Work instructions: Only the lines that contain the string "circle" belong in the answer; pull them from the records.

The records:

○ ○ ○

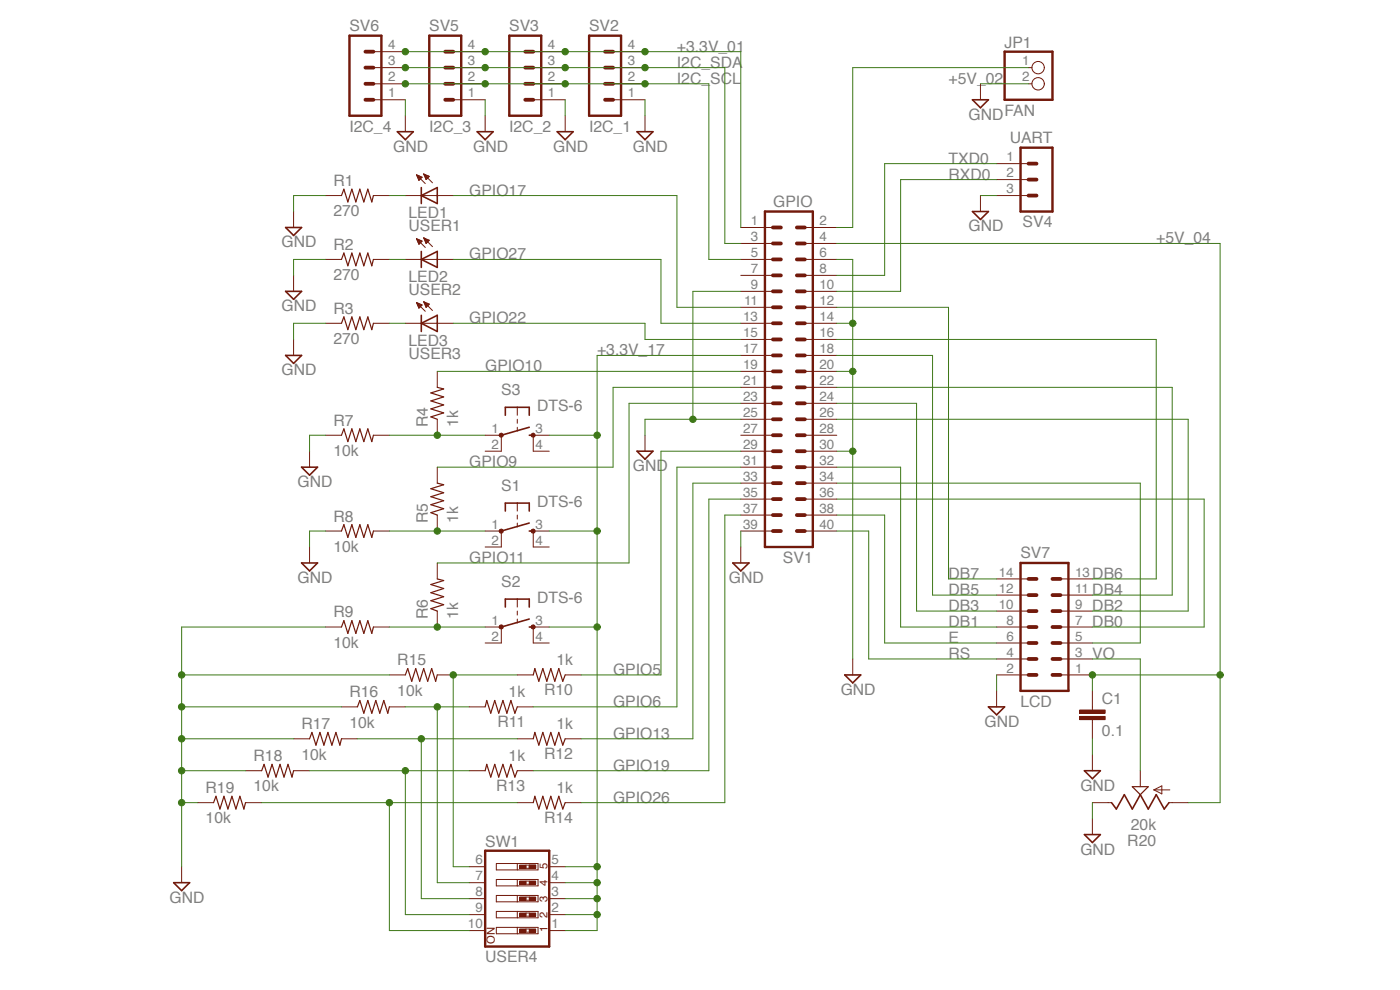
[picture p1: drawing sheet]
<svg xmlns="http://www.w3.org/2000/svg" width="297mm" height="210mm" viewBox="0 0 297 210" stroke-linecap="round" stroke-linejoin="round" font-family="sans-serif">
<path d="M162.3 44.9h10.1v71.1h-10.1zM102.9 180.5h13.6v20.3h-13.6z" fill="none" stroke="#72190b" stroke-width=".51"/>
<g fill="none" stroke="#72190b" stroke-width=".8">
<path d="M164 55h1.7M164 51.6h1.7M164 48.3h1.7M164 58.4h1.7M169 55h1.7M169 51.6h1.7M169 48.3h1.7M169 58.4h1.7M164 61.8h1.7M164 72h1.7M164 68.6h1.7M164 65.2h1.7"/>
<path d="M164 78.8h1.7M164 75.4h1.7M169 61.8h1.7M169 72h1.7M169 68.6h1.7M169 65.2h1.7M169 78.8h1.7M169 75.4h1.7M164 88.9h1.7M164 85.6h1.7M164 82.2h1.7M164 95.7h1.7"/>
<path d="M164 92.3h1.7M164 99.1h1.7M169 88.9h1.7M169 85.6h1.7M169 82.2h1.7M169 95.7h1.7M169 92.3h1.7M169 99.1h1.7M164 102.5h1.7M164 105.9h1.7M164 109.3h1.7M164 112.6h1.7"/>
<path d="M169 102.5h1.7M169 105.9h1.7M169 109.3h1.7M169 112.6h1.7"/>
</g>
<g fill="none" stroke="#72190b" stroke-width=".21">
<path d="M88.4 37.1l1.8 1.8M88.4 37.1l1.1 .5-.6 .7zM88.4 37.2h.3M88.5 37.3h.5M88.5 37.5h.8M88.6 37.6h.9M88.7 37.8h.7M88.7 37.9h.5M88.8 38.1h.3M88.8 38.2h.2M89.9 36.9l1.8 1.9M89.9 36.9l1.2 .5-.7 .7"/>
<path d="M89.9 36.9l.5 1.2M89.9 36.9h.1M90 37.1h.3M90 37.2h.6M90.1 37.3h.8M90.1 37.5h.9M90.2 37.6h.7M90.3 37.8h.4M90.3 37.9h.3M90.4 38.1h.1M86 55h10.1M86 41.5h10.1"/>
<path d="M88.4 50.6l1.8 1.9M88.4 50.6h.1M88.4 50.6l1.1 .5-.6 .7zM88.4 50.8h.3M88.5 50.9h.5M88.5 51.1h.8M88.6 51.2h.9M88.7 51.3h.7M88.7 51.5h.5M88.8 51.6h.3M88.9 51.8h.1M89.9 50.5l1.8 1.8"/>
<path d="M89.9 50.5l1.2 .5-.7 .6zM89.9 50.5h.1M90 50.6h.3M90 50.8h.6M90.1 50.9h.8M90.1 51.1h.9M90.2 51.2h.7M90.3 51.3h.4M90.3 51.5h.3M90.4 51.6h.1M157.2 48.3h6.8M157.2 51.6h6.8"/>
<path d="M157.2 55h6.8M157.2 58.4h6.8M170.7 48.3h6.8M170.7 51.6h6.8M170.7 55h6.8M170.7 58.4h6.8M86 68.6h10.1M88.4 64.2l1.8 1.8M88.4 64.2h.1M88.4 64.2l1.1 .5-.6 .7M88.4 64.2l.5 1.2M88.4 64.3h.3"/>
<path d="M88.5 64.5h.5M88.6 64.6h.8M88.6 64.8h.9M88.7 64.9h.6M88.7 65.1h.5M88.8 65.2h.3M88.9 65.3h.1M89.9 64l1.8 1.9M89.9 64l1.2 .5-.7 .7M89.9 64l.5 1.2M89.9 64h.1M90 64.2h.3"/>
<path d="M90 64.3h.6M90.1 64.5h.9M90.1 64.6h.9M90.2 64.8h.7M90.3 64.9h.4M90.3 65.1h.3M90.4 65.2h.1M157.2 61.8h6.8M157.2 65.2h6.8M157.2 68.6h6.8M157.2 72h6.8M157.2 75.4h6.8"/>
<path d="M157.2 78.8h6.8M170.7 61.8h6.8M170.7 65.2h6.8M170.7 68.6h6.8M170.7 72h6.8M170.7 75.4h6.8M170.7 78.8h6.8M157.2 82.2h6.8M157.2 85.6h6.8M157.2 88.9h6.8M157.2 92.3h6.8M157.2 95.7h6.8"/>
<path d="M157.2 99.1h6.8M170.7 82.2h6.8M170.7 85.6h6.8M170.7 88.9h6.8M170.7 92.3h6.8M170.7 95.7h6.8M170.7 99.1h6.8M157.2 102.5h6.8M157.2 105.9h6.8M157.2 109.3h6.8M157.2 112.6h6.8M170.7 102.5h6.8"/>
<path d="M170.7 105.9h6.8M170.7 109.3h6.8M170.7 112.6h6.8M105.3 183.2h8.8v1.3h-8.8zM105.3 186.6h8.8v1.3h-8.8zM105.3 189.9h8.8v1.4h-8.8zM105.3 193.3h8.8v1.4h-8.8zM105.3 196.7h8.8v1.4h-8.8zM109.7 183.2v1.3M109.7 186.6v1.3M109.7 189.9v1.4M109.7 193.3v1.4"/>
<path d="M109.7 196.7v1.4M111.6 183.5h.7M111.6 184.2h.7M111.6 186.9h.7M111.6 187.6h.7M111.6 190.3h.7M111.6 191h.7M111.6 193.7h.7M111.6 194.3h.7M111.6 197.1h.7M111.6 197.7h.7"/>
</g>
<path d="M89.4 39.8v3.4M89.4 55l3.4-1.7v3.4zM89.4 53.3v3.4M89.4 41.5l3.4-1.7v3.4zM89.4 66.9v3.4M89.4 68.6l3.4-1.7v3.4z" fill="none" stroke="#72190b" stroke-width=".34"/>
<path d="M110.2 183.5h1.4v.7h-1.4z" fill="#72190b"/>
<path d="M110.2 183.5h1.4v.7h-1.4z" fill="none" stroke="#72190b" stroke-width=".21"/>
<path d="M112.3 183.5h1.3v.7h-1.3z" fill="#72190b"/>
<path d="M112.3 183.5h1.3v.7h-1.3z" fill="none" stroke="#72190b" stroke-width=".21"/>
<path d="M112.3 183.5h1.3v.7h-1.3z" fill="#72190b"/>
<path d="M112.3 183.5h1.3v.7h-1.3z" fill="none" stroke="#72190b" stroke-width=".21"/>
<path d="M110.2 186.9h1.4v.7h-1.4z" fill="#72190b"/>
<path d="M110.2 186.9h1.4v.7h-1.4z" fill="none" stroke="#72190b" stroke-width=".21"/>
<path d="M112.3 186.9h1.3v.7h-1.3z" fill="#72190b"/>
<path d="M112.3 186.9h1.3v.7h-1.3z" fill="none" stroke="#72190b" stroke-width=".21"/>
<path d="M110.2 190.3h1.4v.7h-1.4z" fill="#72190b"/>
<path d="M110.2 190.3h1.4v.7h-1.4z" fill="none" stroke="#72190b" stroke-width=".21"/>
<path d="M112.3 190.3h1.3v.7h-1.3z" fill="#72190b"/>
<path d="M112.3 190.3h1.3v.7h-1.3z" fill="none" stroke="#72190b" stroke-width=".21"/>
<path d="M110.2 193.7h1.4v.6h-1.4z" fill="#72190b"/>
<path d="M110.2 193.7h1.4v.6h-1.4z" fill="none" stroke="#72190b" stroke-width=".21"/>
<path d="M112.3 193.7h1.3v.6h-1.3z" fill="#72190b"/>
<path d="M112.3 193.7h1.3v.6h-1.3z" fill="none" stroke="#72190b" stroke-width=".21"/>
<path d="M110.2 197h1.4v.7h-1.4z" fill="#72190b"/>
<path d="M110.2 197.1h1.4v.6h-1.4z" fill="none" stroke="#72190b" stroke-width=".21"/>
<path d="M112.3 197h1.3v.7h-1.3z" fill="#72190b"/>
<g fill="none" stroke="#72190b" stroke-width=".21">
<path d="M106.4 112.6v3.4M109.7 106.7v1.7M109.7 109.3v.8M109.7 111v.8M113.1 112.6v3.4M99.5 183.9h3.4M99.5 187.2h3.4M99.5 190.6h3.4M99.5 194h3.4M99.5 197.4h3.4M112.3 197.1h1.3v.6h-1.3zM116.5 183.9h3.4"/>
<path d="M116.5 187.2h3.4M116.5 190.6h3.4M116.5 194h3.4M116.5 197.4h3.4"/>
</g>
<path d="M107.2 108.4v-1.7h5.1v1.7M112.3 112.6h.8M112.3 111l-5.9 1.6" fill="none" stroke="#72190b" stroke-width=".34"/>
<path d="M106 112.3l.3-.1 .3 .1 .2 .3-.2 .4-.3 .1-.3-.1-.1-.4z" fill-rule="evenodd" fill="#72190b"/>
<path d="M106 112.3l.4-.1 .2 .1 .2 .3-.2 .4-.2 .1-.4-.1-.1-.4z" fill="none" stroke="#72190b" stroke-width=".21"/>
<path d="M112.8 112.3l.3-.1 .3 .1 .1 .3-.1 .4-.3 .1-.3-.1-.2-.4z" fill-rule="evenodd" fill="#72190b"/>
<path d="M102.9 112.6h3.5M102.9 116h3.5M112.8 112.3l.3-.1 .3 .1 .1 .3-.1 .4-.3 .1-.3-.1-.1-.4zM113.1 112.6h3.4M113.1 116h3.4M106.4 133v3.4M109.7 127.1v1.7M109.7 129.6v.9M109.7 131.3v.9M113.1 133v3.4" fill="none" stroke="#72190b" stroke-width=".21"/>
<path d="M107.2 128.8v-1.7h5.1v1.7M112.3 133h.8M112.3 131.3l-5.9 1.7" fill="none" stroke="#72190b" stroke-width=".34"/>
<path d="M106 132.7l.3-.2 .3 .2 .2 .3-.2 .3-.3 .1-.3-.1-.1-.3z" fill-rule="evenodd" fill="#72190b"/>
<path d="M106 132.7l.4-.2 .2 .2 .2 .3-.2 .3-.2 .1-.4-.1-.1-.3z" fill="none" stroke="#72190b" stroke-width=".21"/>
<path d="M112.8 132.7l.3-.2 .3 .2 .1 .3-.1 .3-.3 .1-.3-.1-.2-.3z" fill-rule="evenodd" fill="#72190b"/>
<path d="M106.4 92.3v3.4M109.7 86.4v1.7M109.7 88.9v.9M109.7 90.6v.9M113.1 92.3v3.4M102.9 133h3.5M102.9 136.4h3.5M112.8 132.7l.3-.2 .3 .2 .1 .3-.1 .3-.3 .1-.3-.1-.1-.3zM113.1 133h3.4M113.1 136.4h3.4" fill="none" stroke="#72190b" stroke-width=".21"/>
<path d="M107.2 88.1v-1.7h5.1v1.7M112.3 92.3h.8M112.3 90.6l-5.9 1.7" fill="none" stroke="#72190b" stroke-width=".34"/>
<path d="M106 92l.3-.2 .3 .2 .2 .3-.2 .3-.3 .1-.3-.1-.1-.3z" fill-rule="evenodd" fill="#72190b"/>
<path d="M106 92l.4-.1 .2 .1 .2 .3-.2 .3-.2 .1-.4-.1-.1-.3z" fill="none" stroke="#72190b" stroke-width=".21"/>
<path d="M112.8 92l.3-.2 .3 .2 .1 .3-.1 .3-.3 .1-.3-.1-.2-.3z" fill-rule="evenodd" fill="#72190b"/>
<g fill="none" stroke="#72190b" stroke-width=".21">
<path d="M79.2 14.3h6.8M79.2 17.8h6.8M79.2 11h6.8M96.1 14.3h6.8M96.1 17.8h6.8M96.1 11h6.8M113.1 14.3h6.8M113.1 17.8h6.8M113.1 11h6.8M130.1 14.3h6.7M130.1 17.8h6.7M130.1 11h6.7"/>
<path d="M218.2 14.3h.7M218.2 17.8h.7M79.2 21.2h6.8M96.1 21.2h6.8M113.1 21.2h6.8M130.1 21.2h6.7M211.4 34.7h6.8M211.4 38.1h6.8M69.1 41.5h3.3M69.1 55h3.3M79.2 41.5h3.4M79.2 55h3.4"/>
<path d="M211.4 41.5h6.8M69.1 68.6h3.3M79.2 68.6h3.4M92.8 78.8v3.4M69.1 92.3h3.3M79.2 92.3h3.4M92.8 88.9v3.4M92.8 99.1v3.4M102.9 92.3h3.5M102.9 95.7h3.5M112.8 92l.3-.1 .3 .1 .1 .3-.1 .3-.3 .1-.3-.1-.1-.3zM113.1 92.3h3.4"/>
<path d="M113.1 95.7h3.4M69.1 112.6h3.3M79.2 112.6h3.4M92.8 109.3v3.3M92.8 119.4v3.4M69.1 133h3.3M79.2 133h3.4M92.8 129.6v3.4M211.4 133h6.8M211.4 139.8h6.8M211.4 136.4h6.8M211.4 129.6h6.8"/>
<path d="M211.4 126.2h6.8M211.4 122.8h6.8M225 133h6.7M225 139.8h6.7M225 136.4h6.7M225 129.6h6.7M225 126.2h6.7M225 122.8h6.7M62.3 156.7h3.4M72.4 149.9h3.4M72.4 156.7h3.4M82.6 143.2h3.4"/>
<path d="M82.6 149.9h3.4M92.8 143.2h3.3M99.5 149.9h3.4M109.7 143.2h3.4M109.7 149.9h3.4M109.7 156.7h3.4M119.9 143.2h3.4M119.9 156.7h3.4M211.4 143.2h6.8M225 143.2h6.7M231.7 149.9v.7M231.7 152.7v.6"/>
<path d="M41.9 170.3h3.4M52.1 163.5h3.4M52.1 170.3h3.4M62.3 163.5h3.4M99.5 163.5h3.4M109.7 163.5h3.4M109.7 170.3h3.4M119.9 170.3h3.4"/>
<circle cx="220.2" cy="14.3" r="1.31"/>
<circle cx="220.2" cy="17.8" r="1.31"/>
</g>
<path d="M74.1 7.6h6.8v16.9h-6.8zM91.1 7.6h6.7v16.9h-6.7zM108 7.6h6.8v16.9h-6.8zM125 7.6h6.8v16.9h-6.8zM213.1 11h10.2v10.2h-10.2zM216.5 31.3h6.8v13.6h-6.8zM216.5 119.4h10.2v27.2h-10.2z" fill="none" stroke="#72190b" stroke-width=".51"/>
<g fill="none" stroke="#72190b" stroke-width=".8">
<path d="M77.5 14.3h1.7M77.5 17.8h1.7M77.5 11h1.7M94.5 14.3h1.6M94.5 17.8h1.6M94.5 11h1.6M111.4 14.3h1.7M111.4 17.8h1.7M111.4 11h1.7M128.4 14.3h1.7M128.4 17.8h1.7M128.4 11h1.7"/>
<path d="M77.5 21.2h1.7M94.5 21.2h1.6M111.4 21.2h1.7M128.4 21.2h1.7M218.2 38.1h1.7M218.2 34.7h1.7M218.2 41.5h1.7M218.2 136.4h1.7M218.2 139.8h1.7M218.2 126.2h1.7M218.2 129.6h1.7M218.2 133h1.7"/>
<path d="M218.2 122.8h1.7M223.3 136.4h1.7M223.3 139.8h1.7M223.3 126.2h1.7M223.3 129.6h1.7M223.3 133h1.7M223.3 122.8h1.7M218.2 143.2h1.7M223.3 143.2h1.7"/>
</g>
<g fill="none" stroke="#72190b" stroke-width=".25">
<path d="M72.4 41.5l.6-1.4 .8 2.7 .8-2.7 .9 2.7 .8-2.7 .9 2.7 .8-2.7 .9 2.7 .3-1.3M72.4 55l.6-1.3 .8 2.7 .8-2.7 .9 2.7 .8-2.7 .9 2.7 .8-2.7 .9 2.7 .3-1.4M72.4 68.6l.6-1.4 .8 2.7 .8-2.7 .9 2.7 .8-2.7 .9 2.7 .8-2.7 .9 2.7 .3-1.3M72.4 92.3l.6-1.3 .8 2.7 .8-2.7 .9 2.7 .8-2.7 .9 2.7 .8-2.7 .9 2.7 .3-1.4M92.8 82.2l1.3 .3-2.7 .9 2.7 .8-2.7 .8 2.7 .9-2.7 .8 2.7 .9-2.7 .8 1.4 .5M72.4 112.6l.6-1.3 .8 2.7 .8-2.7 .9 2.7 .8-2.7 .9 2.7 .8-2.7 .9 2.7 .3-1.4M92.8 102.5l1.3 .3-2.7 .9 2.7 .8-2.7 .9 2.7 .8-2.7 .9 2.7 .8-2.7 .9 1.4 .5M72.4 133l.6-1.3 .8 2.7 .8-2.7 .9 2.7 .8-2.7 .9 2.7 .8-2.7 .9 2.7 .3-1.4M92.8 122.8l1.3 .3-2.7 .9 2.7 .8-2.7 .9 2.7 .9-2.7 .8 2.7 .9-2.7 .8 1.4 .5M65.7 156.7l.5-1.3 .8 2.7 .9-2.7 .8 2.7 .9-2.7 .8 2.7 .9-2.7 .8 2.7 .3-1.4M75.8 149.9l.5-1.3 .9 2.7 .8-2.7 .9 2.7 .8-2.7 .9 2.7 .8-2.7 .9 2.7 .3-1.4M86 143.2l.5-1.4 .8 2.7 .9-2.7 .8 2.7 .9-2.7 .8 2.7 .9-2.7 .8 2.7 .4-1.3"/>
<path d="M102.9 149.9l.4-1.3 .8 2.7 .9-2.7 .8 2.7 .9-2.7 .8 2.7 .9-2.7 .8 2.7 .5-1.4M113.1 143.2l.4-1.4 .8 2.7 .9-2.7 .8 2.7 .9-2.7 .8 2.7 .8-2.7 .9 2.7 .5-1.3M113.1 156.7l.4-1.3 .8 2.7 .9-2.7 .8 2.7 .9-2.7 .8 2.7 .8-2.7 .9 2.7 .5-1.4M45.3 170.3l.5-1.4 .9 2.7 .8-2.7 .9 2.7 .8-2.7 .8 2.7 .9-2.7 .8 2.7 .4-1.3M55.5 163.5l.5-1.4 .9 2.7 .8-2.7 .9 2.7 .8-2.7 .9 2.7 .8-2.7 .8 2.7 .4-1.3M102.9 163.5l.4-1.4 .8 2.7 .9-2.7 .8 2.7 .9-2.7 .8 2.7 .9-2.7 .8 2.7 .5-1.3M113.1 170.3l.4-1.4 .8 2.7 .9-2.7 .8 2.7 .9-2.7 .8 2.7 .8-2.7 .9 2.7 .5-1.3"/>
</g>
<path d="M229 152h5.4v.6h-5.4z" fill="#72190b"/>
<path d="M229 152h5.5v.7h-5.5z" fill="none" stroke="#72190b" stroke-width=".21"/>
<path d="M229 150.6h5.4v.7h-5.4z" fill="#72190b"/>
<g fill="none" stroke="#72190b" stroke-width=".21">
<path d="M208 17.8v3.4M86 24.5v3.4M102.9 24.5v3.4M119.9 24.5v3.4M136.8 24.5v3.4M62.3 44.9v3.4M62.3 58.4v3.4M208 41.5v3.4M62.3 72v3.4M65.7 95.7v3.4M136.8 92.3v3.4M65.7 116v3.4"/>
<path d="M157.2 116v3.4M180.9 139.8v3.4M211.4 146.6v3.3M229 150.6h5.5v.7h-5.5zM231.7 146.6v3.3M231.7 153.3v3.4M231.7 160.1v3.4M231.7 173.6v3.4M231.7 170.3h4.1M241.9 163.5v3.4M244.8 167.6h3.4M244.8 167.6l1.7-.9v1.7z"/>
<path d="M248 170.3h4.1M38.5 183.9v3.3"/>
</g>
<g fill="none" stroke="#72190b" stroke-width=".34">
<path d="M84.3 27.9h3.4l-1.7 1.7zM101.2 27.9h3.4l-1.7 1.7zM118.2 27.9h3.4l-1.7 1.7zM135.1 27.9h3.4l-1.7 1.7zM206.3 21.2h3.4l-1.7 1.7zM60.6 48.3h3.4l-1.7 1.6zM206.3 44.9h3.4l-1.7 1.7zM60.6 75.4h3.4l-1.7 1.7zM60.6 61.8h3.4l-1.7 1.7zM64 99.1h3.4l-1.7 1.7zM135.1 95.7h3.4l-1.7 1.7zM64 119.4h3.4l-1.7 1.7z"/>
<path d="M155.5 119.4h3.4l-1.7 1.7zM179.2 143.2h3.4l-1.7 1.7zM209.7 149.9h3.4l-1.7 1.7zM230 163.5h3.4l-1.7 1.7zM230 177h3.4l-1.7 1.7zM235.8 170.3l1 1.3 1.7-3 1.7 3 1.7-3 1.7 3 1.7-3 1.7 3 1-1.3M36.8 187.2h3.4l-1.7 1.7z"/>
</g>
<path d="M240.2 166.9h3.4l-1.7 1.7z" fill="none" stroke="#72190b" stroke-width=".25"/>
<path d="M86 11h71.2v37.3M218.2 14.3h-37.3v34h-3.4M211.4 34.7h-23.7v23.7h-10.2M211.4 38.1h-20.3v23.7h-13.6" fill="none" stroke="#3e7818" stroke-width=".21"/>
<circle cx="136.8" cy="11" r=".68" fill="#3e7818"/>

○ ○ ○

Written response:
<circle cx="220.2" cy="14.3" r="1.31"/>
<circle cx="220.2" cy="17.8" r="1.31"/>
<circle cx="136.8" cy="11" r=".68" fill="#3e7818"/>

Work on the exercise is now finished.